What appears from the first line of the records below through the line containing "circle A5 centre" must be reproduced verbatim.

Content starts

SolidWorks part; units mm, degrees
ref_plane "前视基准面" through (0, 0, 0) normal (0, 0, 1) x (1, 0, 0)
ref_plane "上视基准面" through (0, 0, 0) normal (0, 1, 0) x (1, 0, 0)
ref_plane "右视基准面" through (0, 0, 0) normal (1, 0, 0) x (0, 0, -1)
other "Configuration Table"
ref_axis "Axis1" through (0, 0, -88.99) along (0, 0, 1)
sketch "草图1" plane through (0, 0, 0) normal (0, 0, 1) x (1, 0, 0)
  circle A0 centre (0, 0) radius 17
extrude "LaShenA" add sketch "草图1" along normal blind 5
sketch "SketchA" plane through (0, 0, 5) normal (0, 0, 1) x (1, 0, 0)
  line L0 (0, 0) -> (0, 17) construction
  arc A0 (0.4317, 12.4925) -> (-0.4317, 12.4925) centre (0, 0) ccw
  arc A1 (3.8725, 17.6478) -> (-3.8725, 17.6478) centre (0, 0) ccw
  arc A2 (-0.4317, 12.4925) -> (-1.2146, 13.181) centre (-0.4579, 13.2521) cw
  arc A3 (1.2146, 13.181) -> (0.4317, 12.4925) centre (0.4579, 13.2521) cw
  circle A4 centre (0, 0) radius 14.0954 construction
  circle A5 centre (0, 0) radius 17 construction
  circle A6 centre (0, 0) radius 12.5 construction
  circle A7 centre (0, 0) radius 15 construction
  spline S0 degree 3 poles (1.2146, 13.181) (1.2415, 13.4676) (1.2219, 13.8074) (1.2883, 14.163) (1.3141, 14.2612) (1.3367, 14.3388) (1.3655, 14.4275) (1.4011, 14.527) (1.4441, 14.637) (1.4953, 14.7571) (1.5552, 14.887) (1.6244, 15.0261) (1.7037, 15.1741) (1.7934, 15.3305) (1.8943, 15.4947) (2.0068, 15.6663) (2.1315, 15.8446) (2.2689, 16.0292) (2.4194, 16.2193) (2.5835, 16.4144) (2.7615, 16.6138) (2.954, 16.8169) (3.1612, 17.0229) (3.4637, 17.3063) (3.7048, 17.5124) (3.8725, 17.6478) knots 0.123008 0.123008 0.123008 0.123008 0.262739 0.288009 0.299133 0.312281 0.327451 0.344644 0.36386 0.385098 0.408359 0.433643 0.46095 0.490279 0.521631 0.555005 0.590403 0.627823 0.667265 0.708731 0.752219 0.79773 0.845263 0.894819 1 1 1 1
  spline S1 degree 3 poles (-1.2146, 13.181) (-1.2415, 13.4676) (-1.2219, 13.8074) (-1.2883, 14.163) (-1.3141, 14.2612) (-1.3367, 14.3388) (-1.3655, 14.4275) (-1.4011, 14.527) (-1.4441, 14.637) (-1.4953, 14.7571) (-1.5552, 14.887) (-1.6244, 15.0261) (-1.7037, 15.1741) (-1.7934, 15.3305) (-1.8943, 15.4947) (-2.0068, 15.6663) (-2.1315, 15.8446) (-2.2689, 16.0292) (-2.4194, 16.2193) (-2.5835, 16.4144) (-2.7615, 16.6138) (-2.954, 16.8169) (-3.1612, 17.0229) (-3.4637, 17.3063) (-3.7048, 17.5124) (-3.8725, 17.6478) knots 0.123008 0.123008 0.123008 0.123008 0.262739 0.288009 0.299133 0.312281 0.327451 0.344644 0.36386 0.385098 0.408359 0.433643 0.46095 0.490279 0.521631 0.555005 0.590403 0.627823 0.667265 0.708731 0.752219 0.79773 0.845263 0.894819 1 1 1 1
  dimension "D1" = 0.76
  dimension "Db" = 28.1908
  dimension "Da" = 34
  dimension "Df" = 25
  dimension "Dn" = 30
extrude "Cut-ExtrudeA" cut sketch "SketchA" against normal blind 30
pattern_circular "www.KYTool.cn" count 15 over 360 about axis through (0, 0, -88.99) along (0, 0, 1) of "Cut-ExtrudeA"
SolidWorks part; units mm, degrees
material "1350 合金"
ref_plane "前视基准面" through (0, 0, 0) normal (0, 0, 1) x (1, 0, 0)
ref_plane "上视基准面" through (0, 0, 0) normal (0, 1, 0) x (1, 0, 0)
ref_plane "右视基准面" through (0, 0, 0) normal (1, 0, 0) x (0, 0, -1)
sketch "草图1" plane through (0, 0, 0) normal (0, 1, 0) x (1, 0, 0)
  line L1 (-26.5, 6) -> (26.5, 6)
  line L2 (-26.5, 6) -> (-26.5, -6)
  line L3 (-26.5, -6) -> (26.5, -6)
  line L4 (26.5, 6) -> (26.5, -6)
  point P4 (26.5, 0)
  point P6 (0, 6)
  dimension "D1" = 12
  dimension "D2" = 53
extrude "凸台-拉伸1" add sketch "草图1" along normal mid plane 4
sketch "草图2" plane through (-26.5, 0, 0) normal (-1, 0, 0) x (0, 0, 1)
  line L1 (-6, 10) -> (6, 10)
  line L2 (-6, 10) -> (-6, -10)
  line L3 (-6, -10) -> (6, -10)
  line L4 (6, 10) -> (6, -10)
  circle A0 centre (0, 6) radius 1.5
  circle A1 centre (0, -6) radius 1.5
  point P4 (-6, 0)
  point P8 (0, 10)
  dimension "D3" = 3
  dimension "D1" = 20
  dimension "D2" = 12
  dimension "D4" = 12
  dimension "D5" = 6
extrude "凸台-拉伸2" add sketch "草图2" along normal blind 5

Content ends

Response:
SolidWorks part; units mm, degrees
ref_plane "前视基准面" through (0, 0, 0) normal (0, 0, 1) x (1, 0, 0)
ref_plane "上视基准面" through (0, 0, 0) normal (0, 1, 0) x (1, 0, 0)
ref_plane "右视基准面" through (0, 0, 0) normal (1, 0, 0) x (0, 0, -1)
other "Configuration Table"
ref_axis "Axis1" through (0, 0, -88.99) along (0, 0, 1)
sketch "草图1" plane through (0, 0, 0) normal (0, 0, 1) x (1, 0, 0)
  circle A0 centre (0, 0) radius 17
extrude "LaShenA" add sketch "草图1" along normal blind 5
sketch "SketchA" plane through (0, 0, 5) normal (0, 0, 1) x (1, 0, 0)
  line L0 (0, 0) -> (0, 17) construction
  arc A0 (0.4317, 12.4925) -> (-0.4317, 12.4925) centre (0, 0) ccw
  arc A1 (3.8725, 17.6478) -> (-3.8725, 17.6478) centre (0, 0) ccw
  arc A2 (-0.4317, 12.4925) -> (-1.2146, 13.181) centre (-0.4579, 13.2521) cw
  arc A3 (1.2146, 13.181) -> (0.4317, 12.4925) centre (0.4579, 13.2521) cw
  circle A4 centre (0, 0) radius 14.0954 construction
  circle A5 centre (0, 0) radius 17 construction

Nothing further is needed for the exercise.